• Supplied records

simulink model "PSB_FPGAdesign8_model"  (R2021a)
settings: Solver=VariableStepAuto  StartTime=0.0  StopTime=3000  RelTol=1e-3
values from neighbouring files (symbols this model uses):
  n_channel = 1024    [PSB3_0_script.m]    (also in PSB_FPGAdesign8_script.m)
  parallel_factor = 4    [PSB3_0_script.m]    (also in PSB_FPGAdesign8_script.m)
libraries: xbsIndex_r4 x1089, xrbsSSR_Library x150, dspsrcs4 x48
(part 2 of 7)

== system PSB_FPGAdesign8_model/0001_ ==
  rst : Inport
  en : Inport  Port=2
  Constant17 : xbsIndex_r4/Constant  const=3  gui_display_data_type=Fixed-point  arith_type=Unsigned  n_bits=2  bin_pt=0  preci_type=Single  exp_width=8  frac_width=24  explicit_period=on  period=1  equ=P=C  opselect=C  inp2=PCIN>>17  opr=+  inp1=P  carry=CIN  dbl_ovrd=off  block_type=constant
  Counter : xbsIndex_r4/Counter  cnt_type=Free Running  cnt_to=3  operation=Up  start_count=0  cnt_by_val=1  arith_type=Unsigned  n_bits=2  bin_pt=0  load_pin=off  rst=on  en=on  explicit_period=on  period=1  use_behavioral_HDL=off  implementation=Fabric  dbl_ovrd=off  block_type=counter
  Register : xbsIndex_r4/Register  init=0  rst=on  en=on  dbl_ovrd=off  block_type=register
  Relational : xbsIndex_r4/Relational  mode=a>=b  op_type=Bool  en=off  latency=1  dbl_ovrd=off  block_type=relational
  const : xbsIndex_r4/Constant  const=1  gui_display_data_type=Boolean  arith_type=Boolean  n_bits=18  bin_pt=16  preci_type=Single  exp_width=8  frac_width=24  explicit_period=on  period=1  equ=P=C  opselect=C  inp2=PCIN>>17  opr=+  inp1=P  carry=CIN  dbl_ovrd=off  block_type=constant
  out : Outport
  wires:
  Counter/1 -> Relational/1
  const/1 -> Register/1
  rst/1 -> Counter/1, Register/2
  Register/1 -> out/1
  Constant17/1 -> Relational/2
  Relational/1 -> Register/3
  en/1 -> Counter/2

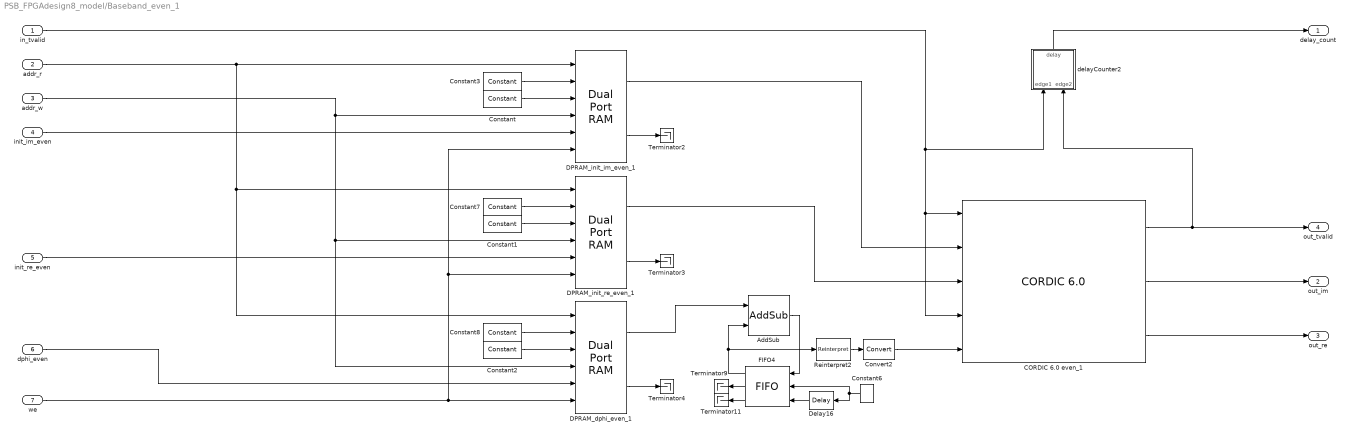
== system PSB_FPGAdesign8_model/Baseband_even_1 ==
  in_tvalid : Inport
  addr_r : Inport  Port=2
  addr_w : Inport  Port=3
  init_im_even : Inport  Port=4
  init_re_even : Inport  Port=5
  dphi_even : Inport  Port=6
  we : Inport  Port=7
  AddSub : xbsIndex_r4/AddSub  mode=Addition  use_carryin=off  use_carryout=off  en=off  latency=2  precision=User Defined  arith_type=Unsigned  n_bits=16  bin_pt=0  quantization=Truncate  overflow=Wrap  use_behavioral_HDL=off  hw_selection=Fabric  pipelined=off  dbl_ovrd=off  block_type=addsub
  "CORDIC 6.0 even_1 " : xbsIndex_r4/CORDIC 6.0   functional_selection=Rotate  architectural_configuration=Parallel  pipelining_mode=Optimal  data_format=SignedFraction  phase_format=Scaled_Radians  input_width=18  output_width=16  round_mode=Nearest_Even  iterations=16  precision=20  compensation_scaling=LUT_based  coarse_rotation=on  aclken=off  aresetn=off  out_tready=off  cartesian_has_tuser=off  cartesian_has_tlast=off  cartesian_tuser_width=1  phase_has_tuser=off  phase_has_tlast=off  phase_tuser_width=1  out_tlast_behv=Null  flow_control=NonBlocking  optimize_goal=Resources  trim_axipin_name=on  simulation_type=hybrid_sim  simulation_model=sysgen:cordic_v6_0  data_path_portlist={'s_axis_cartesian_tdata_imag', 's_axis_cartesian_tdata_real', 's_axis_phase_tdata_phase', 'm_axis_dout_tdata_imag', 'm_axis_dout_tdata_real', 'm_axis_dout_tdata_phase','m_axis_dout_tdata'}  ip_name=CORDIC  ip_version=6.0  dsptool_ready=true  ipcore_usecache=true  ipcore_useipmodelcache=true  wrapper_available=true  port_translation_map={ 'aclken' => 'en', 'aresetn' => 'rst' }  block_type=cordic_v6_0
      settings: infoedit=CORDIC 6.0
  Constant : xbsIndex_r4/Constant  const=0  gui_display_data_type=Boolean  arith_type=Boolean  n_bits=16  bin_pt=14  preci_type=Single  exp_width=8  frac_width=24  explicit_period=on  period=1  equ=P=C  opselect=C  inp2=PCIN>>17  opr=+  inp1=P  carry=CIN  dbl_ovrd=off  block_type=constant
  Constant1 : xbsIndex_r4/Constant  const=0  gui_display_data_type=Boolean  arith_type=Boolean  n_bits=16  bin_pt=14  preci_type=Single  exp_width=8  frac_width=24  explicit_period=on  period=1  equ=P=C  opselect=C  inp2=PCIN>>17  opr=+  inp1=P  carry=CIN  dbl_ovrd=off  block_type=constant
  Constant2 : xbsIndex_r4/Constant  const=0  gui_display_data_type=Boolean  arith_type=Boolean  n_bits=16  bin_pt=14  preci_type=Single  exp_width=8  frac_width=24  explicit_period=on  period=1  equ=P=C  opselect=C  inp2=PCIN>>17  opr=+  inp1=P  carry=CIN  dbl_ovrd=off  block_type=constant
  Constant3 : xbsIndex_r4/Constant  const=0  gui_display_data_type=Fixed-point  arith_type=Signed (2's comp)  n_bits=18  bin_pt=16  preci_type=Single  exp_width=8  frac_width=24  explicit_period=on  period=1  equ=P=C  opselect=C  inp2=PCIN>>17  opr=+  inp1=P  carry=CIN  dbl_ovrd=off  block_type=constant
  Constant6 : xbsIndex_r4/Constant  const=1  gui_display_data_type=Boolean  arith_type=Boolean  n_bits=16  bin_pt=14  preci_type=Single  exp_width=8  frac_width=24  explicit_period=on  period=1  equ=P=C  opselect=C  inp2=PCIN>>17  opr=+  inp1=P  carry=CIN  dbl_ovrd=off  block_type=constant
  Constant7 : xbsIndex_r4/Constant  const=0  gui_display_data_type=Fixed-point  arith_type=Signed (2's comp)  n_bits=18  bin_pt=16  preci_type=Single  exp_width=8  frac_width=24  explicit_period=on  period=1  equ=P=C  opselect=C  inp2=PCIN>>17  opr=+  inp1=P  carry=CIN  dbl_ovrd=off  block_type=constant
  Constant8 : xbsIndex_r4/Constant  const=0  gui_display_data_type=Fixed-point  arith_type=Unsigned  n_bits=16  bin_pt=0  preci_type=Single  exp_width=8  frac_width=24  explicit_period=on  period=1  equ=P=C  opselect=C  inp2=PCIN>>17  opr=+  inp1=P  carry=CIN  dbl_ovrd=off  block_type=constant
  Convert2 : xbsIndex_r4/Convert  gui_display_data_type=Fixed-point  arith_type="Signed  (2's comp)"  n_bits=18  bin_pt=15  float_type=Single  exp_bits=8  fraction_bits=24  quantization=Truncate  overflow=Wrap  en=off  latency=0  pipeline=off  dbl_ovrd=off  block_type=convert
  DPRAM_dphi_even_1 : xbsIndex_r4/Dual Port RAM  depth=n_channel/parallel_factor  initVector=dphi_uint16_even_1  distributed_mem=Block RAM  init_a=0  init_b=0  rst_a=off  rst_b=off  en_a=off  en_b=off  latency=1  write_mode_A=Read Before Write  write_mode_B=Read Before Write  optimize=Area  dbl_ovrd=off  simulation_type=fast_sim  block_type=dpram
  DPRAM_init_im_even_1 : xbsIndex_r4/Dual Port RAM  depth=n_channel/parallel_factor  initVector=init_im_even_1  distributed_mem=Block RAM  init_a=0  init_b=0  rst_a=off  rst_b=off  en_a=off  en_b=off  latency=1  write_mode_A=Read Before Write  write_mode_B=Read Before Write  optimize=Area  dbl_ovrd=off  simulation_type=fast_sim  block_type=dpram
  DPRAM_init_re_even_1 : xbsIndex_r4/Dual Port RAM  depth=n_channel/parallel_factor  initVector=init_re_even_1  distributed_mem=Block RAM  init_a=0  init_b=0  rst_a=off  rst_b=off  en_a=off  en_b=off  latency=1  write_mode_A=Read Before Write  write_mode_B=Read Before Write  optimize=Area  dbl_ovrd=off  simulation_type=fast_sim  block_type=dpram
  Delay16 : xbsIndex_r4/Delay  rst=off  infoeditControl=Selection of Reset will increase slice count due to use of real FFs and instead of SRLs  en=off  latency=n_channel/parallel_factor-2-1  reg_retiming=off  dbl_ovrd=off  block_type=delay
  FIFO4 : xbsIndex_r4/FIFO  mem_type=Block RAM  performance_options=Standard_FIFO  embedded_registers=off  depth=1K  percent_nbits=1  rst=off  rst_latency=2  en=off  use_dcount=off  use_percent_full_port=off  use_almost_empty=off  almost_empty_thresh=2  use_almost_full=off  use_rd_rst_busy=off  use_wr_rst_busy=off  almost_full_thresh=14  explicit_period=off  dbl_ovrd=off  simulation_type=fast_sim  block_type=fifo
  Reinterpret2 : xbsIndex_r4/Reinterpret  force_arith_type=on  arith_type="Signed  (2's comp)"  force_bin_pt=on  bin_pt=15  block_type=reinterpret
  Terminator{2..4,9,11} (5 alike) : Terminator
  delayCounter2 : Subsystem
  delay_count : Outport
  out_im : Outport  Port=2
  out_re : Outport  Port=3
  out_tvalid : Outport  Port=4
  wires:
  in_tvalid/1 -> "CORDIC 6.0 even_1 "/1, "CORDIC 6.0 even_1 "/4, delayCounter2/1(edge1)
  "CORDIC 6.0 even_1 "/1 -> out_tvalid/1, delayCounter2/2(edge2)
  Reinterpret2/1 -> Convert2/1
  FIFO4/2 -> Terminator9/1
  dphi_even/1 -> DPRAM_dphi_even_1/5
  delayCounter2/1(delay) -> delay_count/1
  Constant1/1 -> DPRAM_init_re_even_1/3
  FIFO4/3 -> Terminator11/1
  Constant2/1 -> DPRAM_dphi_even_1/3
  Constant3/1 -> DPRAM_init_im_even_1/2
  addr_w/1 -> DPRAM_init_im_even_1/4, DPRAM_init_re_even_1/4, DPRAM_dphi_even_1/4
  Constant6/1 -> Delay16/1, FIFO4/2
  Convert2/1 -> "CORDIC 6.0 even_1 "/5
  Constant7/1 -> DPRAM_init_re_even_1/2
  DPRAM_dphi_even_1/2 -> Terminator4/1
  Delay16/1 -> FIFO4/3
  FIFO4/1 -> Reinterpret2/1, AddSub/2
  init_im_even/1 -> DPRAM_init_im_even_1/5
  we/1 -> DPRAM_init_im_even_1/6, DPRAM_init_re_even_1/6, DPRAM_dphi_even_1/6
  addr_r/1 -> DPRAM_init_im_even_1/1, DPRAM_init_re_even_1/1, DPRAM_dphi_even_1/1
  DPRAM_init_re_even_1/2 -> Terminator3/1
  Constant8/1 -> DPRAM_dphi_even_1/2
  DPRAM_init_im_even_1/1 -> "CORDIC 6.0 even_1 "/2
  DPRAM_init_re_even_1/1 -> "CORDIC 6.0 even_1 "/3
  DPRAM_dphi_even_1/1 -> AddSub/1
  DPRAM_init_im_even_1/2 -> Terminator2/1
  "CORDIC 6.0 even_1 "/3 -> out_re/1
  Constant/1 -> DPRAM_init_im_even_1/3
  AddSub/1 -> FIFO4/1
  init_re_even/1 -> DPRAM_init_re_even_1/5
  "CORDIC 6.0 even_1 "/2 -> out_im/1

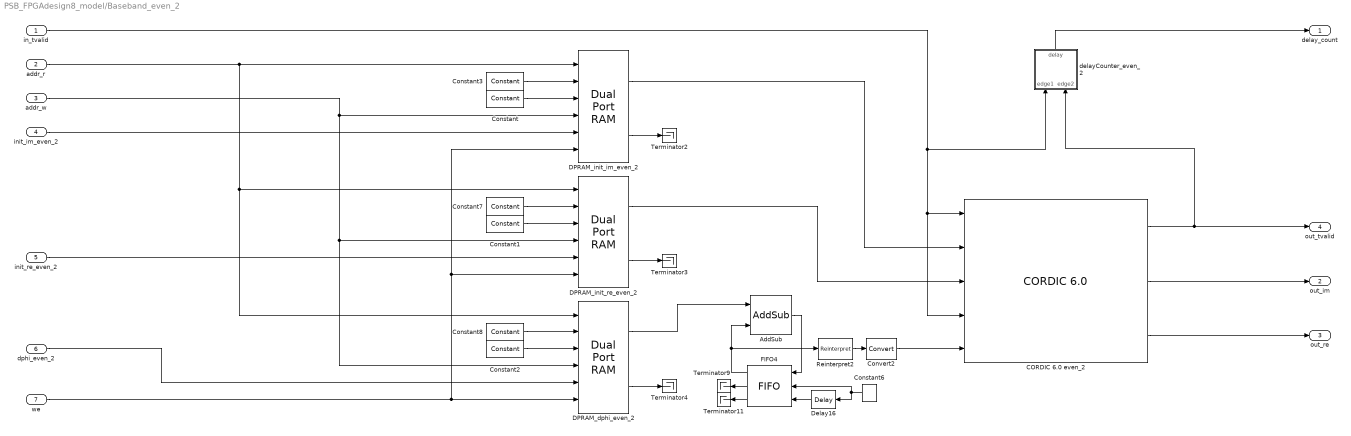
== system PSB_FPGAdesign8_model/Baseband_even_2 ==
  in_tvalid : Inport
  addr_r : Inport  Port=2
  addr_w : Inport  Port=3
  init_im_even_2 : Inport  Port=4
  init_re_even_2 : Inport  Port=5
  dphi_even_2 : Inport  Port=6
  we : Inport  Port=7
  AddSub : xbsIndex_r4/AddSub  mode=Addition  use_carryin=off  use_carryout=off  en=off  latency=2  precision=User Defined  arith_type=Unsigned  n_bits=16  bin_pt=0  quantization=Truncate  overflow=Wrap  use_behavioral_HDL=off  hw_selection=Fabric  pipelined=off  dbl_ovrd=off  block_type=addsub
  CORDIC 6.0 even_2 : xbsIndex_r4/CORDIC 6.0   functional_selection=Rotate  architectural_configuration=Parallel  pipelining_mode=Optimal  data_format=SignedFraction  phase_format=Scaled_Radians  input_width=18  output_width=16  round_mode=Nearest_Even  iterations=16  precision=20  compensation_scaling=LUT_based  coarse_rotation=on  aclken=off  aresetn=off  out_tready=off  cartesian_has_tuser=off  cartesian_has_tlast=off  cartesian_tuser_width=1  phase_has_tuser=off  phase_has_tlast=off  phase_tuser_width=1  out_tlast_behv=Null  flow_control=NonBlocking  optimize_goal=Resources  trim_axipin_name=on  simulation_type=hybrid_sim  simulation_model=sysgen:cordic_v6_0  data_path_portlist={'s_axis_cartesian_tdata_imag', 's_axis_cartesian_tdata_real', 's_axis_phase_tdata_phase', 'm_axis_dout_tdata_imag', 'm_axis_dout_tdata_real', 'm_axis_dout_tdata_phase','m_axis_dout_tdata'}  ip_name=CORDIC  ip_version=6.0  dsptool_ready=true  ipcore_usecache=true  ipcore_useipmodelcache=true  wrapper_available=true  port_translation_map={ 'aclken' => 'en', 'aresetn' => 'rst' }  block_type=cordic_v6_0
      settings: infoedit=CORDIC 6.0
  Constant : xbsIndex_r4/Constant  const=0  gui_display_data_type=Boolean  arith_type=Boolean  n_bits=16  bin_pt=14  preci_type=Single  exp_width=8  frac_width=24  explicit_period=on  period=1  equ=P=C  opselect=C  inp2=PCIN>>17  opr=+  inp1=P  carry=CIN  dbl_ovrd=off  block_type=constant
  Constant1 : xbsIndex_r4/Constant  const=0  gui_display_data_type=Boolean  arith_type=Boolean  n_bits=16  bin_pt=14  preci_type=Single  exp_width=8  frac_width=24  explicit_period=on  period=1  equ=P=C  opselect=C  inp2=PCIN>>17  opr=+  inp1=P  carry=CIN  dbl_ovrd=off  block_type=constant
  Constant2 : xbsIndex_r4/Constant  const=0  gui_display_data_type=Boolean  arith_type=Boolean  n_bits=16  bin_pt=14  preci_type=Single  exp_width=8  frac_width=24  explicit_period=on  period=1  equ=P=C  opselect=C  inp2=PCIN>>17  opr=+  inp1=P  carry=CIN  dbl_ovrd=off  block_type=constant
  Constant3 : xbsIndex_r4/Constant  const=0  gui_display_data_type=Fixed-point  arith_type=Signed (2's comp)  n_bits=18  bin_pt=16  preci_type=Single  exp_width=8  frac_width=24  explicit_period=on  period=1  equ=P=C  opselect=C  inp2=PCIN>>17  opr=+  inp1=P  carry=CIN  dbl_ovrd=off  block_type=constant
  Constant6 : xbsIndex_r4/Constant  const=1  gui_display_data_type=Boolean  arith_type=Boolean  n_bits=16  bin_pt=14  preci_type=Single  exp_width=8  frac_width=24  explicit_period=on  period=1  equ=P=C  opselect=C  inp2=PCIN>>17  opr=+  inp1=P  carry=CIN  dbl_ovrd=off  block_type=constant
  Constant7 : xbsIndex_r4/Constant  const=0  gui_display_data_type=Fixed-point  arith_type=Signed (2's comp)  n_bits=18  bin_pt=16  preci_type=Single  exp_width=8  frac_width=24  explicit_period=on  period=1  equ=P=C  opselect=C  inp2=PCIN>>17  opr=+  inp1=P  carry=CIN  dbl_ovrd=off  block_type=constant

• Exercise objective
Return, line for line and unchanged, the data from its first line through the line containing "en/1 -> Counter/2".

• Your response
simulink model "PSB_FPGAdesign8_model"  (R2021a)
settings: Solver=VariableStepAuto  StartTime=0.0  StopTime=3000  RelTol=1e-3
values from neighbouring files (symbols this model uses):
  n_channel = 1024    [PSB3_0_script.m]    (also in PSB_FPGAdesign8_script.m)
  parallel_factor = 4    [PSB3_0_script.m]    (also in PSB_FPGAdesign8_script.m)
libraries: xbsIndex_r4 x1089, xrbsSSR_Library x150, dspsrcs4 x48
(part 2 of 7)

== system PSB_FPGAdesign8_model/0001_ ==
  rst : Inport
  en : Inport  Port=2
  Constant17 : xbsIndex_r4/Constant  const=3  gui_display_data_type=Fixed-point  arith_type=Unsigned  n_bits=2  bin_pt=0  preci_type=Single  exp_width=8  frac_width=24  explicit_period=on  period=1  equ=P=C  opselect=C  inp2=PCIN>>17  opr=+  inp1=P  carry=CIN  dbl_ovrd=off  block_type=constant
  Counter : xbsIndex_r4/Counter  cnt_type=Free Running  cnt_to=3  operation=Up  start_count=0  cnt_by_val=1  arith_type=Unsigned  n_bits=2  bin_pt=0  load_pin=off  rst=on  en=on  explicit_period=on  period=1  use_behavioral_HDL=off  implementation=Fabric  dbl_ovrd=off  block_type=counter
  Register : xbsIndex_r4/Register  init=0  rst=on  en=on  dbl_ovrd=off  block_type=register
  Relational : xbsIndex_r4/Relational  mode=a>=b  op_type=Bool  en=off  latency=1  dbl_ovrd=off  block_type=relational
  const : xbsIndex_r4/Constant  const=1  gui_display_data_type=Boolean  arith_type=Boolean  n_bits=18  bin_pt=16  preci_type=Single  exp_width=8  frac_width=24  explicit_period=on  period=1  equ=P=C  opselect=C  inp2=PCIN>>17  opr=+  inp1=P  carry=CIN  dbl_ovrd=off  block_type=constant
  out : Outport
  wires:
  Counter/1 -> Relational/1
  const/1 -> Register/1
  rst/1 -> Counter/1, Register/2
  Register/1 -> out/1
  Constant17/1 -> Relational/2
  Relational/1 -> Register/3
  en/1 -> Counter/2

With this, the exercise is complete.